问题描述
好的,这真的让我很烦.
Okay, so this really bugs me.
我正在使用perf记录cpu-clock事件(一个软件事件):
I'm using perf to record the cpu-clock event (a software event):
$ > perf record -e cpu-clock srun -n 1 ./stream
...,并且性能报告生成的表为空.
... and the table produced by perf report is empty.
我正在使用perf来记录perf列表中列出的所有可用软件事件:
I'm using perf to record all available software events listed in perf list:
$ > perf record -e alignment-faults,context-switches,cpu-clock,cpu-migrations,\
dummy,emulation-faults,major-faults,minor-faults,page-faults,task-clock\
srun -n 1 ./stream
...该表为我提供了可用样品的列表:
... the table gives me a list of available samples:
0 alignment-faults
125 context-switches
255 cpu-clock
21 cpu-migrations
0 dummy
0 emulation-faults
0 major-faults
128 minor-faults
132 page-faults
254 task-clock
我可以查看在cpu-clock中收集的样本,它为我提供了信息.为什么?!如果仅测量cpu-clock,为什么它不起作用?为什么在四个事件中没有收集到样本?
I can look at the samples collected in cpu-clock and it gives me information. Why?! Why does it not work if I only measure cpu-clock? Why were there no samples collected in four events?
这是此问题的后续措施:错误:perf.data文件没有示例
This is a follow-up to this question:error: perf.data file has no samples
推荐答案
可能 srun
不会直接使用分叉启动目标进程.它可能使用诸如ssh或daemon之类的各种远程外壳程序来启动进程.
Probably srun
don't start target process with direct fork.
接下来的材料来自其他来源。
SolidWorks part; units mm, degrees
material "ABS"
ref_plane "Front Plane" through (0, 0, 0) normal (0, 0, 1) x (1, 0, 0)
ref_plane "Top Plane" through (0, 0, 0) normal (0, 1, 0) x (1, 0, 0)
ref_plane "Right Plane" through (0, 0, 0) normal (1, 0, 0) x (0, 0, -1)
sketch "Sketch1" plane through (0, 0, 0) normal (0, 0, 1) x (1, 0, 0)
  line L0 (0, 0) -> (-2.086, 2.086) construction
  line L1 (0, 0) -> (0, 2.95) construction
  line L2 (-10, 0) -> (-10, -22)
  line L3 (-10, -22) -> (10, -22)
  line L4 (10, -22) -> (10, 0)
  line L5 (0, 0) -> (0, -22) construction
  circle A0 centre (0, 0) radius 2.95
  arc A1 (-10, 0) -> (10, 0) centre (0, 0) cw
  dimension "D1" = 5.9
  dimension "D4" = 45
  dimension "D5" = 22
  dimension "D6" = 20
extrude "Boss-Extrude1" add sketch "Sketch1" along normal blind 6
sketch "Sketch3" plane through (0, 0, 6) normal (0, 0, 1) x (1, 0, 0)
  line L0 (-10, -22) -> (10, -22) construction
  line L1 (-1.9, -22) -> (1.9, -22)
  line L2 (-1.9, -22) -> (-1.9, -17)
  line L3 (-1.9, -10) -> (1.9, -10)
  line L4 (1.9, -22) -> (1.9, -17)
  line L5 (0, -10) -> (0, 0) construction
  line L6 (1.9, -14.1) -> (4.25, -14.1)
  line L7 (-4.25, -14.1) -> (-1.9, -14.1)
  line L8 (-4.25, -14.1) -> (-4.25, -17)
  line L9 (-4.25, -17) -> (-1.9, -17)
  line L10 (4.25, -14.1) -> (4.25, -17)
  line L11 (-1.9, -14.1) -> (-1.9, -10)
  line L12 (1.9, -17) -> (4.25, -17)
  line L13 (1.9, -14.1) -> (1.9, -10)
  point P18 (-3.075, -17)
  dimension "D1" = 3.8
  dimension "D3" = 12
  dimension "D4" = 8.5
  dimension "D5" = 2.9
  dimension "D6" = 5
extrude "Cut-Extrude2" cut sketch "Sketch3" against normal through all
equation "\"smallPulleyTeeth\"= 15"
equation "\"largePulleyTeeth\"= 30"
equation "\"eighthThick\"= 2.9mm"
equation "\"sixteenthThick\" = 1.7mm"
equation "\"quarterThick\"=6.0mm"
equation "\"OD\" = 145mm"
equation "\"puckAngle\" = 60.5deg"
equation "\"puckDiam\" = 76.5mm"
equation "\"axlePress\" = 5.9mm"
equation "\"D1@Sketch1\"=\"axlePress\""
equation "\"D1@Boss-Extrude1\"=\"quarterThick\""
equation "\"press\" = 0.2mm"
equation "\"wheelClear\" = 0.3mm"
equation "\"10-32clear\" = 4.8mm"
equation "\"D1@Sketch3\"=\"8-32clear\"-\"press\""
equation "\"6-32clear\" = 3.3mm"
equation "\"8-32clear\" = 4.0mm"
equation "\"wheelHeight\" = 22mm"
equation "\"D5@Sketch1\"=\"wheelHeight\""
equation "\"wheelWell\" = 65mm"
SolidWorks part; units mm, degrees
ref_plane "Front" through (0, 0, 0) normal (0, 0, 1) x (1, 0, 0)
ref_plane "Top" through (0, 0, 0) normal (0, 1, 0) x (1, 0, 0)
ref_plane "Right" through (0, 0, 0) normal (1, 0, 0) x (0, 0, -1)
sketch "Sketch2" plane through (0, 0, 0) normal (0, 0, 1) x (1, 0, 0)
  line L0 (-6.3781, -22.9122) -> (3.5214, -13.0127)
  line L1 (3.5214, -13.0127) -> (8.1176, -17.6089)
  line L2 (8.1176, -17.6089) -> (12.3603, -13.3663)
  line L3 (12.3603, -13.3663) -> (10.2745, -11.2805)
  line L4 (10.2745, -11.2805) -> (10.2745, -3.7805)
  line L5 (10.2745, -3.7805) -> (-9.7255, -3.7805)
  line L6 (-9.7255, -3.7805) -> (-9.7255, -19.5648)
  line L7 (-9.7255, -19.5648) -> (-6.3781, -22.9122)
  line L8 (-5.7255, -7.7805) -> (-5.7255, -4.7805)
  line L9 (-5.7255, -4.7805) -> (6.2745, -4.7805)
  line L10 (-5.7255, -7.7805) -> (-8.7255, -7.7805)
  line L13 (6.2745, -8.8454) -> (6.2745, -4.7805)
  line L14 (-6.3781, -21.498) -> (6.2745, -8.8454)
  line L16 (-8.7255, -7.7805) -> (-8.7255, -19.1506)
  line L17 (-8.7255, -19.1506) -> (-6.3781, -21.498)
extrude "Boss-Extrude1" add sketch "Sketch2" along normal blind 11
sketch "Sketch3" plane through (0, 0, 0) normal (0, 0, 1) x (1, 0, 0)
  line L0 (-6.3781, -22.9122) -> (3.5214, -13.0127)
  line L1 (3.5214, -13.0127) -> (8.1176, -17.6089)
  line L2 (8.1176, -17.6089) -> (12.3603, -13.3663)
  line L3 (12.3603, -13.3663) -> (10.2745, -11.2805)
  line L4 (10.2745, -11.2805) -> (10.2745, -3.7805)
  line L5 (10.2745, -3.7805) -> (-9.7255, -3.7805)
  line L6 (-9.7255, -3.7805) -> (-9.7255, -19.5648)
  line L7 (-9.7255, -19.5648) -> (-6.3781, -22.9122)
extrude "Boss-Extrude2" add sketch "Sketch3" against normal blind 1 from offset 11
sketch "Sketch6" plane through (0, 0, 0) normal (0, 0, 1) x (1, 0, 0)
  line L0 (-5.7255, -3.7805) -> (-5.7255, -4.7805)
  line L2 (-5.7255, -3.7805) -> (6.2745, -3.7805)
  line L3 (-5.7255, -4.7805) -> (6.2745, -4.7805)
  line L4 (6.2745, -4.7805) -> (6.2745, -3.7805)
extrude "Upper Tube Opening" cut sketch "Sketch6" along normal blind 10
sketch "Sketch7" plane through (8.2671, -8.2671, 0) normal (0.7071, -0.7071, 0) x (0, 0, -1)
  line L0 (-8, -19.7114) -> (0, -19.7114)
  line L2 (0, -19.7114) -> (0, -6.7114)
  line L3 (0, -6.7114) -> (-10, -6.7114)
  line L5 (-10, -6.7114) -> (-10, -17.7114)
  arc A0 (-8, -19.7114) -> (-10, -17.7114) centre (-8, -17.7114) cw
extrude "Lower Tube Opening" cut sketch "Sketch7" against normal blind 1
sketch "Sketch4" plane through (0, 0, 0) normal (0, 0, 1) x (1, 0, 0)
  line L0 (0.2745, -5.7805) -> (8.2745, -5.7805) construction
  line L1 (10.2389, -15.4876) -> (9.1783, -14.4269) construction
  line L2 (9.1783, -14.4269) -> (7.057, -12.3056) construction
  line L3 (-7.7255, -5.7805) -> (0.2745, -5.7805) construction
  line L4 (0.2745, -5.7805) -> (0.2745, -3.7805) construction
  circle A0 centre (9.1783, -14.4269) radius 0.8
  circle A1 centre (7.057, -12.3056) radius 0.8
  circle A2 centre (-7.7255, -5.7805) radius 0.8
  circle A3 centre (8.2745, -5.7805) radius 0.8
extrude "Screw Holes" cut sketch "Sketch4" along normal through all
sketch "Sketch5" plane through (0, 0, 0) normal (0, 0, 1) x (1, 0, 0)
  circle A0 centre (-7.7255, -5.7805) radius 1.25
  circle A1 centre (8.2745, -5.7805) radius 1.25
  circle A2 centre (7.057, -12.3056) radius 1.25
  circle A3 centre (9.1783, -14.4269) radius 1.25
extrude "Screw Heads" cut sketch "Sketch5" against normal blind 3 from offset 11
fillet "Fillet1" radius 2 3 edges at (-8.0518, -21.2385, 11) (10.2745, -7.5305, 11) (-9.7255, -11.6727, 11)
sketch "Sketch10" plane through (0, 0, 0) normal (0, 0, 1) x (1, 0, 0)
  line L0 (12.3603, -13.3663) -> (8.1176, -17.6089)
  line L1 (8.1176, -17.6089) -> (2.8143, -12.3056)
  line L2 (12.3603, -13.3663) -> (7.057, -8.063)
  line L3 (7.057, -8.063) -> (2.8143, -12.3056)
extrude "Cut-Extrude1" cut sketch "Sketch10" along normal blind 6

It may use some varian ot remote shell like ssh or daemon to start processes.
性能记录
(不带 -a
选项)将仅跟踪直接分叉的子流程,而不跟踪由sshd或其他守护程序启动(分叉)的进程.如果 srun
可以转到它并使用 perf record ... srun
命令,它将永远不会对远程计算机进行配置(这是对srun应用程序及其进行分叉的所有文件进行配置)
perf record
(without -a
option) will track only directly forked sub-processes, not the process started (forked) by sshd or other daemon. And it will never profile remote machine if the srun
can go to it and perf record ... srun
command was used (this is to profile srun application and everything it forks).
首先尝试使用 perf stat
获得总(原始)性能计数器,然后将perf用作srun参数;这是使用远程Shell或守护程序的工具(可能具有perf的完整路径)的正确用法:
Try perf stat
first to get total (raw) performance counters, and put perf as srun argument; this is the correct usage with tools which uses remote shell or daemons (probably with full path to perf):
srun -n 1 perf stat ./stream
srun -n 1 /usr/bin/perf stat ./stream
性能统计
将显示目标任务的运行时间.然后选择一些原始计数器较高的事件(perf记录通常将采样率调整到几kHz左右,如果有足够的原始事件计数,则将生成数千个样本):
perf stat
will print running time of target task. Then select some event with high raw counter (perf record usually tune sample rate to around several kHz, so thousands of samples will be generated, if there are enough raw event counts):
srun -n 1 perf record -e cpu-clock ./stream
srun -n 1 /usr/bin/perf record -e cpu-clock ./stream
这篇关于性能:软件事件之间的奇怪关系的文章就介绍到这了,希望我们推荐的答案对大家有所帮助,也希望大家多多支持!